• DATASET ENTRIES:
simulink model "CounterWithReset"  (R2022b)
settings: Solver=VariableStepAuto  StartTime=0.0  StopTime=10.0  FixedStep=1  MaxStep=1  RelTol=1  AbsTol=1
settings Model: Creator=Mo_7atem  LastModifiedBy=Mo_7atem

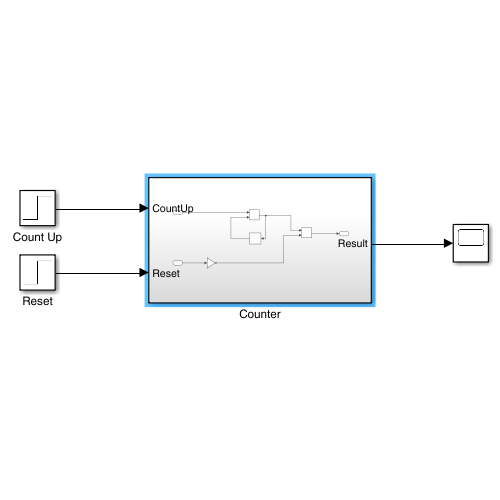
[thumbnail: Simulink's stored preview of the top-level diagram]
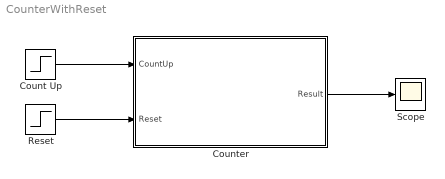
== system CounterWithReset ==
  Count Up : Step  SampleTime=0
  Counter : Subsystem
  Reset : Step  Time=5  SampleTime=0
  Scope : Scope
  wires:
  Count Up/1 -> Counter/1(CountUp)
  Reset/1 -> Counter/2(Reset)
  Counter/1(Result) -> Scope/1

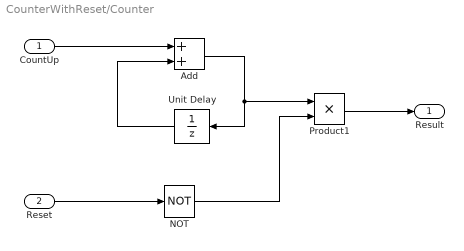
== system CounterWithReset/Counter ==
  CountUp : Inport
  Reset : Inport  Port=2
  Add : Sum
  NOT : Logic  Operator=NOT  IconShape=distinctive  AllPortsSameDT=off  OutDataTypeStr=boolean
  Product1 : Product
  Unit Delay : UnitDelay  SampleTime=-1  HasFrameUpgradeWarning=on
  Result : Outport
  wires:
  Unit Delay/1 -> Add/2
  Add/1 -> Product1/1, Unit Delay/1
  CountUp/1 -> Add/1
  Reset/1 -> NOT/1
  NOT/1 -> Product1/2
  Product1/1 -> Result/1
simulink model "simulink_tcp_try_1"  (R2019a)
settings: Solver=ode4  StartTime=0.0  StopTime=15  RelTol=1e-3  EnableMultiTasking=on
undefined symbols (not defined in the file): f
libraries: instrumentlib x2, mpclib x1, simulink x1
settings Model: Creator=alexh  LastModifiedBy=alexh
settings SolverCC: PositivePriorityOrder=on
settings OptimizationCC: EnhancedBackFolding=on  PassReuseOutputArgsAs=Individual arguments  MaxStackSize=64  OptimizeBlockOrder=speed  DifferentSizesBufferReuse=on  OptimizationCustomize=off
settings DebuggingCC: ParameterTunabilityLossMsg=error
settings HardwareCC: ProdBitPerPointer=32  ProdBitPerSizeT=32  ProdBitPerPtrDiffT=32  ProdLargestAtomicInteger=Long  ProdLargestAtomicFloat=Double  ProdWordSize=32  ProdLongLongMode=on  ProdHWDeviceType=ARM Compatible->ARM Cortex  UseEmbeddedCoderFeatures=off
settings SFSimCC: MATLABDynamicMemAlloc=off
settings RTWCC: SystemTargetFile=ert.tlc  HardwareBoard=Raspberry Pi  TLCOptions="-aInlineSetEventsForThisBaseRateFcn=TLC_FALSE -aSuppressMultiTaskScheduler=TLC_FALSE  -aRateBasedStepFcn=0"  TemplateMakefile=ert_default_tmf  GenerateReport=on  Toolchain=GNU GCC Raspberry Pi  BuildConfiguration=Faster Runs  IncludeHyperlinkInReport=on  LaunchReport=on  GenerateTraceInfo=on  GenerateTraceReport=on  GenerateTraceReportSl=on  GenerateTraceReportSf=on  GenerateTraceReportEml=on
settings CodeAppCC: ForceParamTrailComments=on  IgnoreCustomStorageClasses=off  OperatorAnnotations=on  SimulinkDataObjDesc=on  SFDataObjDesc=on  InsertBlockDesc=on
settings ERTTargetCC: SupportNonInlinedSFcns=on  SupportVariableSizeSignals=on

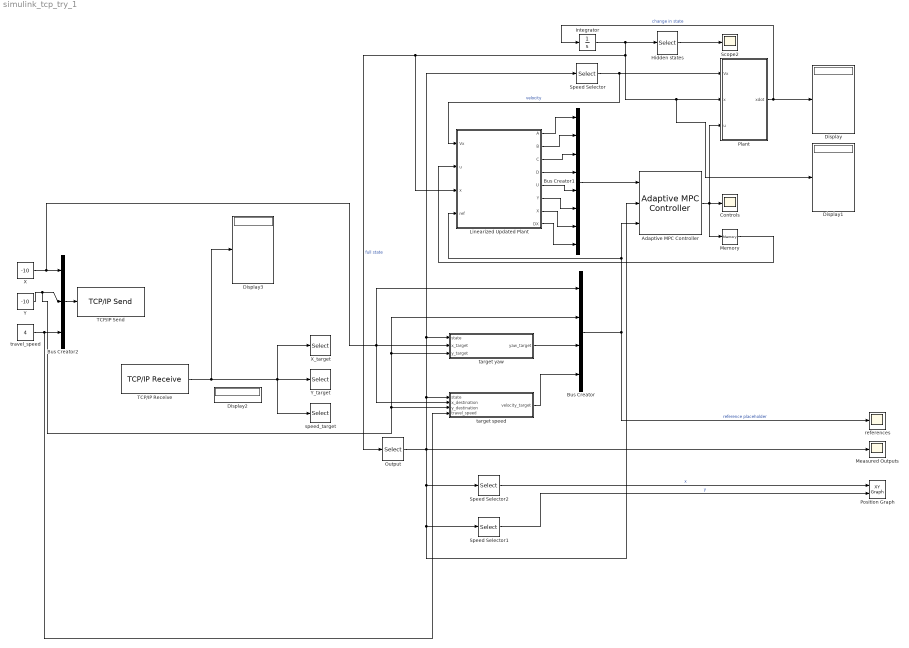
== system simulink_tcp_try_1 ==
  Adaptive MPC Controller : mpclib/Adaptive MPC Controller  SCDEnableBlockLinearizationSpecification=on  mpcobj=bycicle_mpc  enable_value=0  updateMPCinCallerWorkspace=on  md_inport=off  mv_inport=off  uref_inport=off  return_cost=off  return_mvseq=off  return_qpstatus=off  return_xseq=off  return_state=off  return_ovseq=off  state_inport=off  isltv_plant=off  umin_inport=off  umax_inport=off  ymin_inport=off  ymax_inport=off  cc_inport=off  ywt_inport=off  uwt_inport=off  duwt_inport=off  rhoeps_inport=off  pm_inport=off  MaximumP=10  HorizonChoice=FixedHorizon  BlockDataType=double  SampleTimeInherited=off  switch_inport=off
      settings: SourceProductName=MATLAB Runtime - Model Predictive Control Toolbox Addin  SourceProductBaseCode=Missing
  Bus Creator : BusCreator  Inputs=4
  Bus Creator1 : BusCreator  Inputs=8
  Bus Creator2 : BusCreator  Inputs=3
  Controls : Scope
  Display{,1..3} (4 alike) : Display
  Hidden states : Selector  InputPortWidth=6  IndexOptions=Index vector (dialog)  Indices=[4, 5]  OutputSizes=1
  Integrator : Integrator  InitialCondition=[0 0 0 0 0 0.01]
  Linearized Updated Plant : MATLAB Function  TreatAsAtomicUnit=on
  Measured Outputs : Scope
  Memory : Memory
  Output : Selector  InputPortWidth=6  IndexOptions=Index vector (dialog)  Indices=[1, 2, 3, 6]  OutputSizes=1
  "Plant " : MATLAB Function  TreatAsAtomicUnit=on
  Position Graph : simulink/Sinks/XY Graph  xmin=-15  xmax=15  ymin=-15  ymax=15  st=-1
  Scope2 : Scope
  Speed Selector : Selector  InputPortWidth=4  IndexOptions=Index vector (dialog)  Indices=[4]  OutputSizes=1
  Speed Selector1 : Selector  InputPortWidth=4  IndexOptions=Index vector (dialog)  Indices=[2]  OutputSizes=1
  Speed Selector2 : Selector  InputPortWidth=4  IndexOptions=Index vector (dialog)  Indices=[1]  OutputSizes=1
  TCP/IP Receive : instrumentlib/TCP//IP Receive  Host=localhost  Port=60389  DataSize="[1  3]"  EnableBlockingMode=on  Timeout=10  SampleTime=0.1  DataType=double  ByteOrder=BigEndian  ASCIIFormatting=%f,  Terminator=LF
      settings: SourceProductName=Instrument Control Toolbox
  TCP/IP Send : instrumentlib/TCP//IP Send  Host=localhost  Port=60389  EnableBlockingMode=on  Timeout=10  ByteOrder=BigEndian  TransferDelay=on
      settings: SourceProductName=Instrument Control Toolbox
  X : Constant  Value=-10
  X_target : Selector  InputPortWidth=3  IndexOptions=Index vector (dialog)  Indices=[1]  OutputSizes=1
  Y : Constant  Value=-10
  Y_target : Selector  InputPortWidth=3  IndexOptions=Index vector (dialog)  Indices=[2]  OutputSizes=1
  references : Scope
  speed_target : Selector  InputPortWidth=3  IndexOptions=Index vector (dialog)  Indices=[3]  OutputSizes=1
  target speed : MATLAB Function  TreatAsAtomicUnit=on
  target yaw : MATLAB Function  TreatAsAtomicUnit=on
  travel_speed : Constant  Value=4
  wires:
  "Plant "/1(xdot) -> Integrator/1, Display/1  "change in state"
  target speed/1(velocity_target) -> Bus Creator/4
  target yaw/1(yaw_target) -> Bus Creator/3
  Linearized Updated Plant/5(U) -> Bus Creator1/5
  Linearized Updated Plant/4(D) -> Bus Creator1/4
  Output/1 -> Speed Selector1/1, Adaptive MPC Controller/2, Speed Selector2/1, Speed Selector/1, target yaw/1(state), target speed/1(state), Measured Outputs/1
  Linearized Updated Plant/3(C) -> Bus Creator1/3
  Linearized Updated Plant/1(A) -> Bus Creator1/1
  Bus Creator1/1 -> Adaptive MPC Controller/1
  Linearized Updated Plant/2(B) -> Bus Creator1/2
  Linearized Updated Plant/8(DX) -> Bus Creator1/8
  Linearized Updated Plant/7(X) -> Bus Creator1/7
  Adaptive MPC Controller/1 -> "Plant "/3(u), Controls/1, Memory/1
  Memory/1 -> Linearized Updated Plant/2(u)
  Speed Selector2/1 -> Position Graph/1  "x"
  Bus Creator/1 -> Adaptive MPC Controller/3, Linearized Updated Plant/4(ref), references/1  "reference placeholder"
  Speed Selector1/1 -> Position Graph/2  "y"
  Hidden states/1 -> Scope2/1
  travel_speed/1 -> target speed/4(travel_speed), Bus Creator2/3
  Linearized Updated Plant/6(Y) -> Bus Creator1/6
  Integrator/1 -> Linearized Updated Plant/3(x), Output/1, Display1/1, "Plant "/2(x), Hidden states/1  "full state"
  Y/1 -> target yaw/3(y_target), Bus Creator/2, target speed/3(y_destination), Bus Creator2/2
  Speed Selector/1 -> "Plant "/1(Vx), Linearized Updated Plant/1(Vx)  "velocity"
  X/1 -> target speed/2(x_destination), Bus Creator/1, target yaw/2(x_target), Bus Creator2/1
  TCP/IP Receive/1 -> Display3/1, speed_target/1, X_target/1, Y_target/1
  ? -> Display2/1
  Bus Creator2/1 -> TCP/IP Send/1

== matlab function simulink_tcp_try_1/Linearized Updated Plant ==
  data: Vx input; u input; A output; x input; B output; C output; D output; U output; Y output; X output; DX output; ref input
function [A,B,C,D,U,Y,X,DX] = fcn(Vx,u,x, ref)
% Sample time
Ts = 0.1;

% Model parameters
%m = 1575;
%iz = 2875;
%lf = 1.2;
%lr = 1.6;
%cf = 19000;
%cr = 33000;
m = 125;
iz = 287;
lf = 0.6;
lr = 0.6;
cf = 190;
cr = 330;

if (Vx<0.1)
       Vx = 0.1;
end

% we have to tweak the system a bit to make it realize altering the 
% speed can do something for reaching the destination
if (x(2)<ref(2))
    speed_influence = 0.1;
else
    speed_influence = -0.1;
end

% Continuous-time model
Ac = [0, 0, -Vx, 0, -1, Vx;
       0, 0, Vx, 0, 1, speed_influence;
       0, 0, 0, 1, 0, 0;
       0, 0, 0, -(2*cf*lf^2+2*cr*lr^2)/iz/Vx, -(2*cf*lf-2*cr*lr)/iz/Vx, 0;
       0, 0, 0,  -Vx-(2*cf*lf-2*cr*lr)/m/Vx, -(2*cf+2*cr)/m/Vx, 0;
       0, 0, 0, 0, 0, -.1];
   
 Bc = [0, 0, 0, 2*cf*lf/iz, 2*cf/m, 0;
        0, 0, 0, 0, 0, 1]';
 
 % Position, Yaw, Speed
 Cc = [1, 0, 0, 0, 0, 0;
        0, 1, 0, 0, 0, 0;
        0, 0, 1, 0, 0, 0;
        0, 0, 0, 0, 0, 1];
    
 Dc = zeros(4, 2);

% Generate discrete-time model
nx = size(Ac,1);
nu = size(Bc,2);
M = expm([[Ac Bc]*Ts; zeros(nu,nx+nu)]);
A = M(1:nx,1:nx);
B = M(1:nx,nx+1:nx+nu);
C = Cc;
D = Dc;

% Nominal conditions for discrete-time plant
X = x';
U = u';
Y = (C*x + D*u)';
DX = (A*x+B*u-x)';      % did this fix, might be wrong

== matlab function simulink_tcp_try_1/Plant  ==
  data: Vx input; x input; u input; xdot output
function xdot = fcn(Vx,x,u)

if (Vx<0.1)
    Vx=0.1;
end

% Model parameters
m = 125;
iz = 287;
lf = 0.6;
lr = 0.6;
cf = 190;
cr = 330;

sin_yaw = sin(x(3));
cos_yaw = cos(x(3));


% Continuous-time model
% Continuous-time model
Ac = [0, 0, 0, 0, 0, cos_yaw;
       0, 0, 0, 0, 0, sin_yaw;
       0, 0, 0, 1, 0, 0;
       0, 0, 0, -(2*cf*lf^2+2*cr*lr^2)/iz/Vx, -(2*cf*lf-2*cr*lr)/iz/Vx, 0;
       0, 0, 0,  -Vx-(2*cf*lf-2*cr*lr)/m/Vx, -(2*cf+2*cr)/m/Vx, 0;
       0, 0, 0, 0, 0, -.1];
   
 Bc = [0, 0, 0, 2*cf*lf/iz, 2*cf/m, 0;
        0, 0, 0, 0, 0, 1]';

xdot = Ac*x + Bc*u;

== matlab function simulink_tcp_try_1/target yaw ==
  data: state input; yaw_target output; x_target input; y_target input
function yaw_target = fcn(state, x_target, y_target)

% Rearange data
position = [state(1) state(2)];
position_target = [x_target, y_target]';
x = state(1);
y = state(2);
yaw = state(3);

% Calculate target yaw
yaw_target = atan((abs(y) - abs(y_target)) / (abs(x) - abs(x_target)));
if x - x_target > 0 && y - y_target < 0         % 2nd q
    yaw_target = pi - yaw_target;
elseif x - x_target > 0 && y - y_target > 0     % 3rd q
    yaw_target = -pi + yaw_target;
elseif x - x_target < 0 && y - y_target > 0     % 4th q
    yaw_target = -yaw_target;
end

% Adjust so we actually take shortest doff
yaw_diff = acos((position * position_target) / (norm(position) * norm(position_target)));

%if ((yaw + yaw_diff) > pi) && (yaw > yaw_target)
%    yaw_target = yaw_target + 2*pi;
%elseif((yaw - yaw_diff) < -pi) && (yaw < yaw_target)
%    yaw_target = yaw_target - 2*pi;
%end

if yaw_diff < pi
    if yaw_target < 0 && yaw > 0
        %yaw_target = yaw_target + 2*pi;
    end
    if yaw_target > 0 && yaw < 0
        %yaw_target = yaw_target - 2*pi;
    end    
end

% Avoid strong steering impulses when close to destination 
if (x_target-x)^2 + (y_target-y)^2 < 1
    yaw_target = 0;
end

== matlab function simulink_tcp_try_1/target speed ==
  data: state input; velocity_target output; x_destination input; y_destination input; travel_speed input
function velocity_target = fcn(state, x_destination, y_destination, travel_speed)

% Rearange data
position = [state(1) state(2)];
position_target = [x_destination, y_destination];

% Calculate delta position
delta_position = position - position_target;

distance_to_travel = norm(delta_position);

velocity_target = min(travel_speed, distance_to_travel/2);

• ACTIVITY: Verbatim reproduction is required for the line holding "yaw_target = -yaw_target;" and for every line after it in the records, with no other line included.

• WRITTEN REPLY:
    yaw_target = -yaw_target;
end

% Adjust so we actually take shortest doff
yaw_diff = acos((position * position_target) / (norm(position) * norm(position_target)));

%if ((yaw + yaw_diff) > pi) && (yaw > yaw_target)
%    yaw_target = yaw_target + 2*pi;
%elseif((yaw - yaw_diff) < -pi) && (yaw < yaw_target)
%    yaw_target = yaw_target - 2*pi;
%end

if yaw_diff < pi
    if yaw_target < 0 && yaw > 0
        %yaw_target = yaw_target + 2*pi;
    end
    if yaw_target > 0 && yaw < 0
        %yaw_target = yaw_target - 2*pi;
    end    
end

% Avoid strong steering impulses when close to destination 
if (x_target-x)^2 + (y_target-y)^2 < 1
    yaw_target = 0;
end

== matlab function simulink_tcp_try_1/target speed ==
  data: state input; velocity_target output; x_destination input; y_destination input; travel_speed input
function velocity_target = fcn(state, x_destination, y_destination, travel_speed)

% Rearange data
position = [state(1) state(2)];
position_target = [x_destination, y_destination];

% Calculate delta position
delta_position = position - position_target;

distance_to_travel = norm(delta_position);

velocity_target = min(travel_speed, distance_to_travel/2);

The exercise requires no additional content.